10:21 AM EST on February 24, 2026

The NFL competition committee is back in the lab, tackling pressing league matters — like deciding which corner of the globe will host a football game next season or defining the legality of butt-pushing. You see it's experimental season in the NFL, where ideas are introduced and occasionally set on fire.

The last concept to combust was the “Dynamic Kickoff.” It’s hardly dynamic — unless you count collective misunderstanding — though it is supposedly safer. For the players on the field, that is. Not from judgement.

The latest point of emphasis is fixing the onside kick.
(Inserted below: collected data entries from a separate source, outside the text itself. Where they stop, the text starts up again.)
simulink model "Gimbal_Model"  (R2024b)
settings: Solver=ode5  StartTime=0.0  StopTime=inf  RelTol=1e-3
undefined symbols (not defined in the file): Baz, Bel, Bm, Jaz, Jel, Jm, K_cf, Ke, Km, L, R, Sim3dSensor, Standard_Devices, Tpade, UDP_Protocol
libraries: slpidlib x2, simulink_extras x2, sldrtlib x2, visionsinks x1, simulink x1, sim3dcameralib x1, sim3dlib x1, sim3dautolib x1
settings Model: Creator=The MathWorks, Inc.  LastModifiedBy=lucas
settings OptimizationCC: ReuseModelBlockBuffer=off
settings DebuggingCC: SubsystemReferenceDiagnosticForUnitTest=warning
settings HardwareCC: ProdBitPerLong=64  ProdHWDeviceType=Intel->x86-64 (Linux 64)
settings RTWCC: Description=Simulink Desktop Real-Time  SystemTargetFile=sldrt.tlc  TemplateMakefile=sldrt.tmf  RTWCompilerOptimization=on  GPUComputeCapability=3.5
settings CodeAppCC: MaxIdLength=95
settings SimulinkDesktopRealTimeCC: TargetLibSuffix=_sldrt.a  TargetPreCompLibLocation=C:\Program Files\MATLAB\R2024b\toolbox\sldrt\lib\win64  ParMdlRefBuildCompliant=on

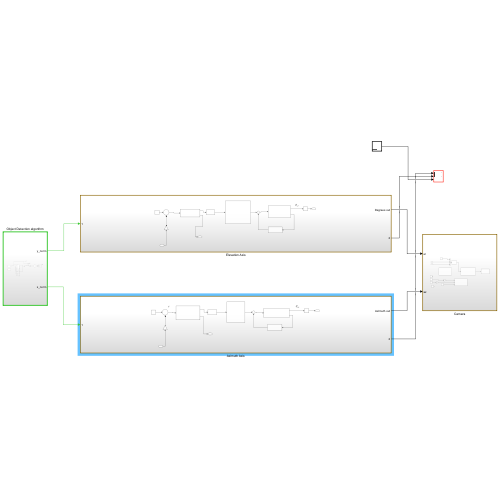
[thumbnail: Simulink's stored preview of the top-level diagram]
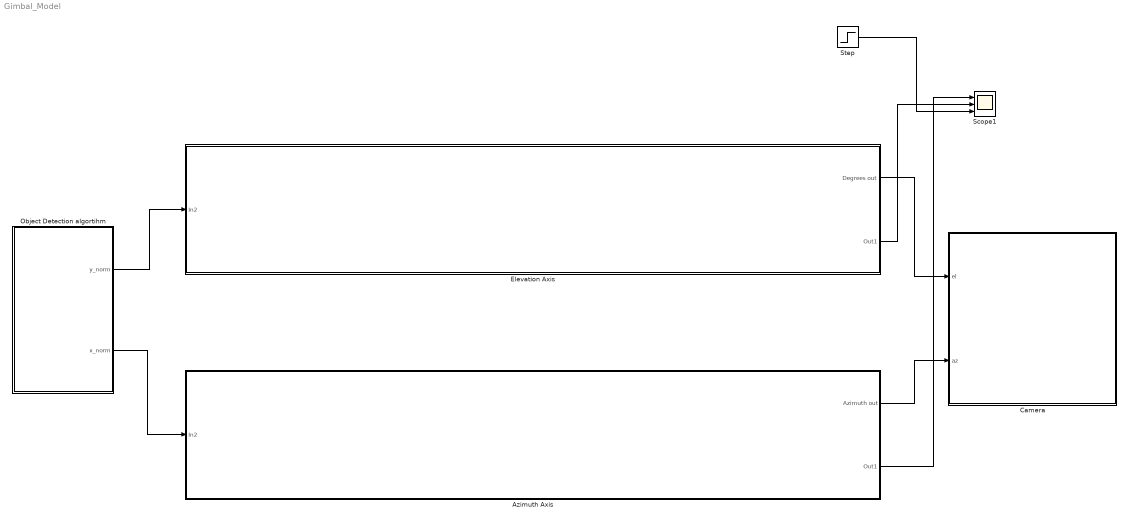
== system Gimbal_Model ==
  Azimuth Axis : Subsystem
  Camera : Subsystem
  Elevation Axis : Subsystem
  Object Detection algortihm : Subsystem  TreatAsAtomicUnit=on
  Scope1 : Scope  NumInputPorts=3
  Step : Step  After=0  SampleTime=0
  wires:
  Elevation Axis/1(Degrees out) -> Camera/1(el)
  Azimuth Axis/1(Azimuth out) -> Camera/2(az)
  Object Detection algortihm/1(y_norm) -> Elevation Axis/1(In2)
  Object Detection algortihm/2(x_norm) -> Azimuth Axis/1(In2)
  Step/1 -> Scope1/3
  Elevation Axis/2(Out1) -> Scope1/2
  Azimuth Axis/2(Out1) -> Scope1/1

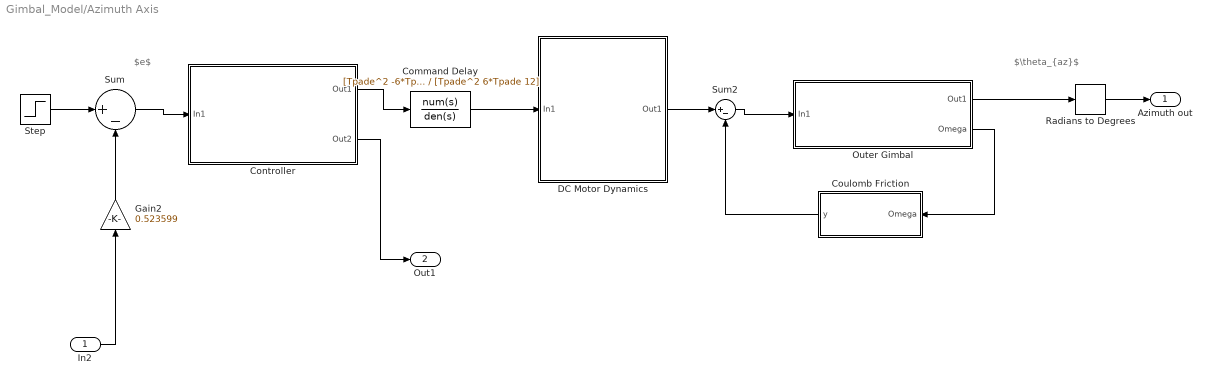
== system Gimbal_Model/Azimuth Axis ==
  note: $e$
  note: $\theta_{az}$
  In2 : Inport
  Command Delay : TransferFcn  Numerator=[Tpade^2 -6*Tpade 12]  Denominator=[Tpade^2 6*Tpade 12]
  Controller : Subsystem
  Coulomb Friction : Subsystem
  DC Motor Dynamics : Subsystem
  Gain2 : Gain  Gain=0.523599
  Outer Gimbal : Subsystem
  Radians to Degrees : simulink_extras/Transformations/Radians to Degrees
  Step : Step  Time=0  After=0  SampleTime=0
  Sum : Sum  Inputs=|+-
  Sum2 : Sum  Inputs=|+-
  Azimuth out : Outport
  Out1 : Outport  Port=2
  wires:
  Sum2/1 -> Outer Gimbal/1(In1)
  Step/1 -> Sum/1
  In2/1 -> Gain2/1
  Radians to Degrees/1 -> Azimuth out/1
  Command Delay/1 -> DC Motor Dynamics/1(In1)
  DC Motor Dynamics/1(Out1) -> Sum2/1
  Outer Gimbal/1(Out1) -> Radians to Degrees/1
  Sum/1 -> Controller/1(In1)
  Controller/1(Out1) -> Command Delay/1
  Coulomb Friction/1(y) -> Sum2/2
  Outer Gimbal/2(Omega) -> Coulomb Friction/1(Omega)
  Gain2/1 -> Sum/2
  Controller/2(Out2) -> Out1/1

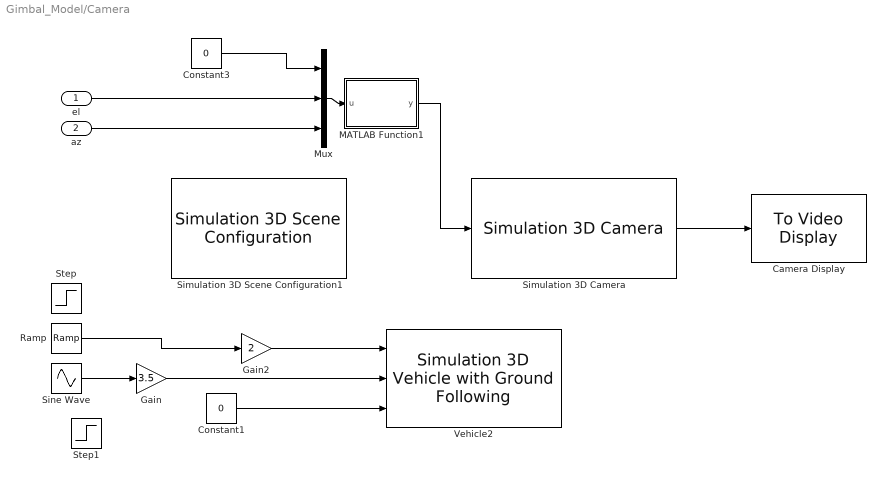
== system Gimbal_Model/Camera ==
  el : Inport
  az : Inport  Port=2
  Camera Display : visionsinks/To Video Display  windowSizeMode=Normal  openAtMdlStart=on  fullScreen=off  videoWindowX=536805376  videoWindowY=536805376  saveWindowSize=off  videoWindowWidth=822  videoWindowHeight=448  inputColorFormat=RGB  inputType=Obsolete  imagePorts=One multidimensional signal  OutputDevice=On-screen video monitor  dataOrg=Column-major  isWindowOpen=off
  Constant1 : Constant  Value=0
  Constant3 : Constant  Value=0
  Gain : Gain  Gain=3.5
  Gain2 : Gain  Gain=2
  MATLAB Function1 : MATLAB Function  TreatAsAtomicUnit=on
  Mux : Mux  Inputs=3
  Ramp : simulink/Sources/Ramp  slope=3  start=0  InitialOutput=0
  Simulation 3D Camera : sim3dcameralib/Simulation 3D Camera  Priority=1  sensorTag=Sim3dSensor�  sensorId=3  sensorName=Sim3dSensor�  vehTagList={'Scene Origin';'SimulinkVehicle2'}  vehTag=Scene Origin  mountLoc=Origin  offsetFlag=on  tmountOffset=[0, 0, 20]  extTmount=off  rmountOffset=[0,45,0]  extRmount=on  FocalLength=[1109, 1109]  OpticalCenter=[640, 360]  ImageSize=[720, 1280]  RadialDistortion=[0, 0]  TangentialDistortion=[0, 0]  SensorSkew=0  DepthOutportEnabled=off  SemanticOutportEnabled=off  TransformOutportEnabled=off  SampleTime=1/60  mountPoint=[0 0 20]  mountOrientation=[0 -45 0]  aMode=3  ID=3
      settings: LibrarySourceBlock=drivingsim3d/Simulation 3D Camera
  Simulation 3D Scene Configuration1 : sim3dlib/Simulation 3D Scene Configuration  Priority=0  ProjectFormat=Default Scenes  SceneDesc=Straight road  ProjectName=C:\Program Files\MATLAB\R2024b\toolbox\shared\sim3d_projects\automotive_project_windows\UE\WindowsNoEditor\VehicleSimulation.exe  ScenePath=/Game/Maps/HwStrght  RoadRunnerProjectPath=./Data/sim3dRoad.fbx  EnableOpenDRIVE=off  vehTagList={'Custom';'Scene Origin';'SimulinkVehicle1';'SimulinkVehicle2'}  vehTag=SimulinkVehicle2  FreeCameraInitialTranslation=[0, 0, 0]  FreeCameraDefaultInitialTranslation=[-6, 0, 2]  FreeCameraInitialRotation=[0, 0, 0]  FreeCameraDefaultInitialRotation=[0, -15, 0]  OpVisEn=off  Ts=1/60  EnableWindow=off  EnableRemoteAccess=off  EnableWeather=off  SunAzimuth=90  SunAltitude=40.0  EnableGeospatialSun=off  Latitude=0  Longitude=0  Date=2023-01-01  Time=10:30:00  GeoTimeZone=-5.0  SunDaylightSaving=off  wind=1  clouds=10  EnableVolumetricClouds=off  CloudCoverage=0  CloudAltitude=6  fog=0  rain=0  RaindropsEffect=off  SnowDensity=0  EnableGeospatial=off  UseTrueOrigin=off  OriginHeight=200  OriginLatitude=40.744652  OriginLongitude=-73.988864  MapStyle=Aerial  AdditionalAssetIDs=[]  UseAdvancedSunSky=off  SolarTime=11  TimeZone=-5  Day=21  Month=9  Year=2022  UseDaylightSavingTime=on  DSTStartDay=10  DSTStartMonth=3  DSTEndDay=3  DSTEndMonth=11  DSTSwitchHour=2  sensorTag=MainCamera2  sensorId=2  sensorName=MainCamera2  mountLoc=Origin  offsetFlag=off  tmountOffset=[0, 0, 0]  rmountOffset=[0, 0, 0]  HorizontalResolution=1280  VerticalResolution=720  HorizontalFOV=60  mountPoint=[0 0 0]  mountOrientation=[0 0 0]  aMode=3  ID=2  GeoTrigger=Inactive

As currently constructed, you’re more likely to get struck by lightning in a hot air balloon than recover one. The league hates plays with predictable outcomes — which is why the extra point was pushed back 13 yards. The onside kick, meanwhile, feels like it was designed during the Roosevelt administration--back when football was played on churned-up cattle pastures.  

One proposal gaining traction originates from the Alliance of American Football — the now-defunct post–Super Bowl Spring football league: a single 4th-and-15 conversion to retain possession. The play is unconventional, and any rollout would likely be painful at first. But it would almost certainly fare better than the 92% failure rate the onside kick currently offers.

Any change will require 75% approval from the Yacht Club, so nothing is guaranteed. But even if the onside kick survives another year, there’s still a great chance the Jaguars end up hosting a home game in Iceland.